Siguen mirando expectantes hacia arriba como si esperaran una
respuesta divina al desastre. Pero no habrá más respuesta que
su propia muerte. Cada gota que desprenda la tristeza del cielo
quemará la raíz hasta desintegrarla y darla por perdida.
El aire es frío. El tiempo parece haberse detenido ante mi
presencia. Es probable que el reloj lleve veinte años parado,
inconsciente de mi necesidad de situarme en el espacio y en el
tiempo. Inconsciente yo del absurdo del espacio – tiempo
cuando el espacio no tiene salida y el tiempo es una constatación
de mi propio fin. Nadie pasa ya por aquí. Nadie camina hacia su
propia muerte indiferente al riesgo de lo desconocido. Ya no
queda nadie para regar las ilusiones que un día se
desvanecieron de golpe.
El aire es frío. La carretera desaparece en el cielo. No puedo
seguir caminando. Una portería de acero es la línea que separa
a los valientes de los locos.
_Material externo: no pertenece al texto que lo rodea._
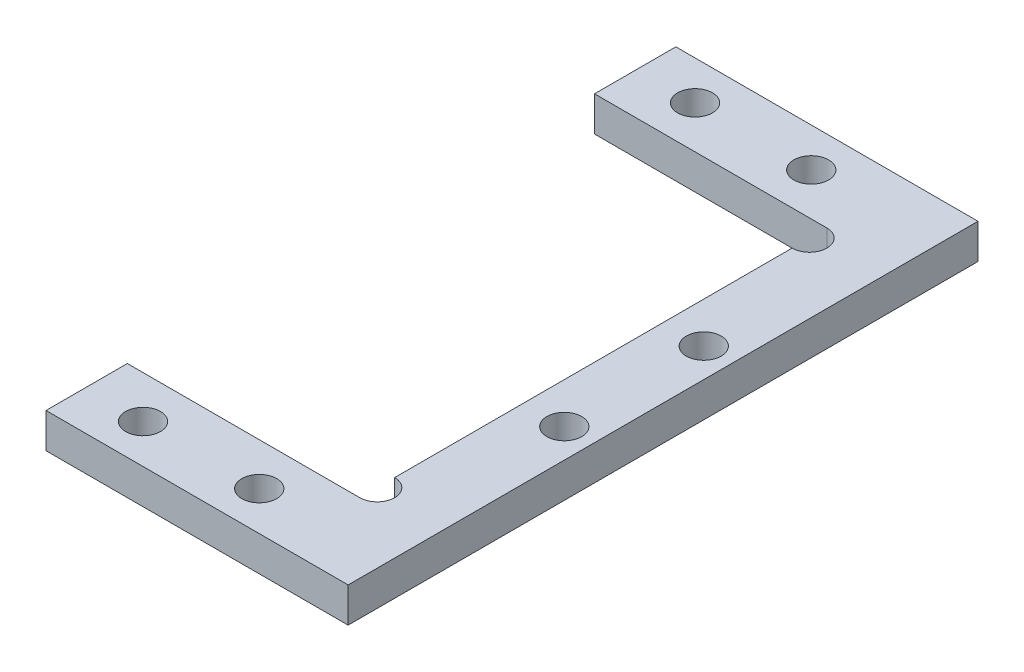
ISO-10303-21;
HEADER;
FILE_DESCRIPTION(('STEP AP214'),'2;1');
FILE_NAME('part.step','',(''),(''),'','','');
FILE_SCHEMA(('AUTOMOTIVE_DESIGN { 1 0 10303 214 1 1 1 1 }'));
ENDSEC;
DATA;
#1=APPLICATION_CONTEXT('core data for automotive mechanical design processes');
#2=APPLICATION_PROTOCOL_DEFINITION('international standard','automotive_design',2000,#1);
#3=PRODUCT_CONTEXT('',#1,'mechanical');
#4=PRODUCT('Part','Part','',(#3));
#5=PRODUCT_RELATED_PRODUCT_CATEGORY('part','',(#4));
#6=PRODUCT_DEFINITION_FORMATION('','',#4);
#7=PRODUCT_DEFINITION_CONTEXT('part definition',#1,'design');
#8=PRODUCT_DEFINITION('design','',#6,#7);
#9=PRODUCT_DEFINITION_SHAPE('','',#8);
#10=(LENGTH_UNIT() NAMED_UNIT(*) SI_UNIT(.MILLI.,.METRE.));
#11=(NAMED_UNIT(*) PLANE_ANGLE_UNIT() SI_UNIT($,.RADIAN.));
#12=(NAMED_UNIT(*) SI_UNIT($,.STERADIAN.) SOLID_ANGLE_UNIT());
#13=UNCERTAINTY_MEASURE_WITH_UNIT(LENGTH_MEASURE(1.E-05),#10,'distance_accuracy_value','');
#14=(GEOMETRIC_REPRESENTATION_CONTEXT(3) GLOBAL_UNCERTAINTY_ASSIGNED_CONTEXT((#13)) GLOBAL_UNIT_ASSIGNED_CONTEXT((#10,
#11,#12)) REPRESENTATION_CONTEXT('',''));
#15=CARTESIAN_POINT('',(0.,0.,0.));
#16=DIRECTION('',(0.,0.,1.));
#17=DIRECTION('',(1.,0.,0.));
#18=AXIS2_PLACEMENT_3D('',#15,#16,#17);
#19=CARTESIAN_POINT('',(0.,3.,7.00000000000001));
#20=DIRECTION('',(0.,0.,-1.));
#21=DIRECTION('',(-1.,0.,0.));
#22=AXIS2_PLACEMENT_3D('',#19,#20,#21);
#23=PLANE('',#22);
#24=DIRECTION('',(1.,0.,0.));
#25=VECTOR('',#24,1.);
#26=CARTESIAN_POINT('',(0.,0.,7.00000000000001));
#27=LINE('',#26,#25);
#28=CARTESIAN_POINT('',(-38.,0.,7.));
#29=VERTEX_POINT('',#28);
#30=CARTESIAN_POINT('',(-12.,0.,7.));
#31=VERTEX_POINT('',#30);
#32=EDGE_CURVE('E79',#29,#31,#27,.T.);
#33=ORIENTED_EDGE('',*,*,#32,.T.);
#34=DIRECTION('',(0.,-1.,0.));
#35=VECTOR('',#34,1.);
#36=CARTESIAN_POINT('',(-12.,3.,7.));
#37=LINE('',#36,#35);
#38=CARTESIAN_POINT('',(-12.,3.,7.));
#39=VERTEX_POINT('',#38);
#40=EDGE_CURVE('E178',#39,#31,#37,.T.);
#41=ORIENTED_EDGE('',*,*,#40,.F.);
#42=DIRECTION('',(1.,0.,0.));
#43=VECTOR('',#42,1.);
#44=CARTESIAN_POINT('',(0.,3.,7.00000000000001));
#45=LINE('',#44,#43);
#46=CARTESIAN_POINT('',(-38.,3.,7.));
#47=VERTEX_POINT('',#46);
#48=EDGE_CURVE('E87',#47,#39,#45,.T.);
#49=ORIENTED_EDGE('',*,*,#48,.F.);
#50=DIRECTION('',(0.,-1.,0.));
#51=VECTOR('',#50,1.);
#52=CARTESIAN_POINT('',(-38.,3.,7.));
#53=LINE('',#52,#51);
#54=EDGE_CURVE('E73',#47,#29,#53,.T.);
#55=ORIENTED_EDGE('',*,*,#54,.T.);
#56=EDGE_LOOP('',(#33,#41,#49,#55));
#57=FACE_BOUND('',#56,.T.);
#58=ADVANCED_FACE('F34',(#57),#23,.F.);
#59=CARTESIAN_POINT('',(0.,3.,0.));
#60=DIRECTION('',(0.,-1.,0.));
#61=DIRECTION('',(0.,0.,-1.));
#62=AXIS2_PLACEMENT_3D('',#59,#60,#61);
#63=PLANE('',#62);
#64=CARTESIAN_POINT('',(-14.5,3.,-14.1));
#65=DIRECTION('',(0.,1.,0.));
#66=DIRECTION('',(0.,0.,1.));
#67=AXIS2_PLACEMENT_3D('',#64,#65,#66);
#68=CIRCLE('',#67,1.5);
#69=CARTESIAN_POINT('',(-14.5,3.,-12.6));
#70=VERTEX_POINT('',#69);
#71=EDGE_CURVE('E187',#70,#70,#68,.T.);
#72=ORIENTED_EDGE('',*,*,#71,.F.);
#73=EDGE_LOOP('',(#72));
#74=FACE_BOUND('',#73,.T.);
#75=CARTESIAN_POINT('',(-14.5,3.,-26.1));
#76=DIRECTION('',(0.,1.,0.));
#77=DIRECTION('',(0.,0.,1.));
#78=AXIS2_PLACEMENT_3D('',#75,#76,#77);
#79=CIRCLE('',#78,1.5);
#80=CARTESIAN_POINT('',(-14.5,3.,-24.6));
#81=VERTEX_POINT('',#80);
#82=EDGE_CURVE('E181',#81,#81,#79,.T.);
#83=ORIENTED_EDGE('',*,*,#82,.F.);
#84=EDGE_LOOP('',(#83));
#85=FACE_BOUND('',#84,.T.);
#86=CARTESIAN_POINT('',(-33.,3.,-43.85));
#87=DIRECTION('',(0.,-1.,0.));
#88=DIRECTION('',(0.,0.,-1.));
#89=AXIS2_PLACEMENT_3D('',#86,#87,#88);
#90=CIRCLE('',#89,1.5);
#91=CARTESIAN_POINT('',(-33.,3.,-45.35));
#92=VERTEX_POINT('',#91);
#93=EDGE_CURVE('E159',#92,#92,#90,.T.);
#94=ORIENTED_EDGE('',*,*,#93,.T.);
#95=EDGE_LOOP('',(#94));
#96=FACE_BOUND('',#95,.T.);
#97=CARTESIAN_POINT('',(-23.,3.,-43.85));
#98=DIRECTION('',(0.,-1.,0.));
#99=DIRECTION('',(0.,0.,-1.));
#100=AXIS2_PLACEMENT_3D('',#97,#98,#99);
#101=CIRCLE('',#100,1.5);
#102=CARTESIAN_POINT('',(-23.,3.,-45.35));
#103=VERTEX_POINT('',#102);
#104=EDGE_CURVE('E152',#103,#103,#101,.T.);
#105=ORIENTED_EDGE('',*,*,#104,.T.);
#106=EDGE_LOOP('',(#105));
#107=FACE_BOUND('',#106,.T.);
#108=CARTESIAN_POINT('',(-33.,3.,3.65));
#109=DIRECTION('',(0.,1.,0.));
#110=DIRECTION('',(0.,0.,1.));
#111=AXIS2_PLACEMENT_3D('',#108,#109,#110);
#112=CIRCLE('',#111,1.5);
#113=CARTESIAN_POINT('',(-33.,3.,5.15000000000001));
#114=VERTEX_POINT('',#113);
#115=EDGE_CURVE('E109',#114,#114,#112,.T.);
#116=ORIENTED_EDGE('',*,*,#115,.F.);
#117=EDGE_LOOP('',(#116));
#118=FACE_BOUND('',#117,.T.);
#119=CARTESIAN_POINT('',(-23.,3.,3.65));
#120=DIRECTION('',(0.,1.,0.));
#121=DIRECTION('',(0.,0.,1.));
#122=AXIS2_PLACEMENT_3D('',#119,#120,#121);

Sólo quienes vienen a despedirse
traspasan esa frontera invisible. Al cruzarla no giran sus
miradas hacia atrás. No tienen nada que recordar, no tienen
nada que sentir, sólo su propio desvanecimiento atrapados por
la frialdad de un cielo inhóspito que no les concederá ningún
calor futuro, ningún frío pasado. Les espera la nada del
cielo. Pero nada tienen y nada les importa.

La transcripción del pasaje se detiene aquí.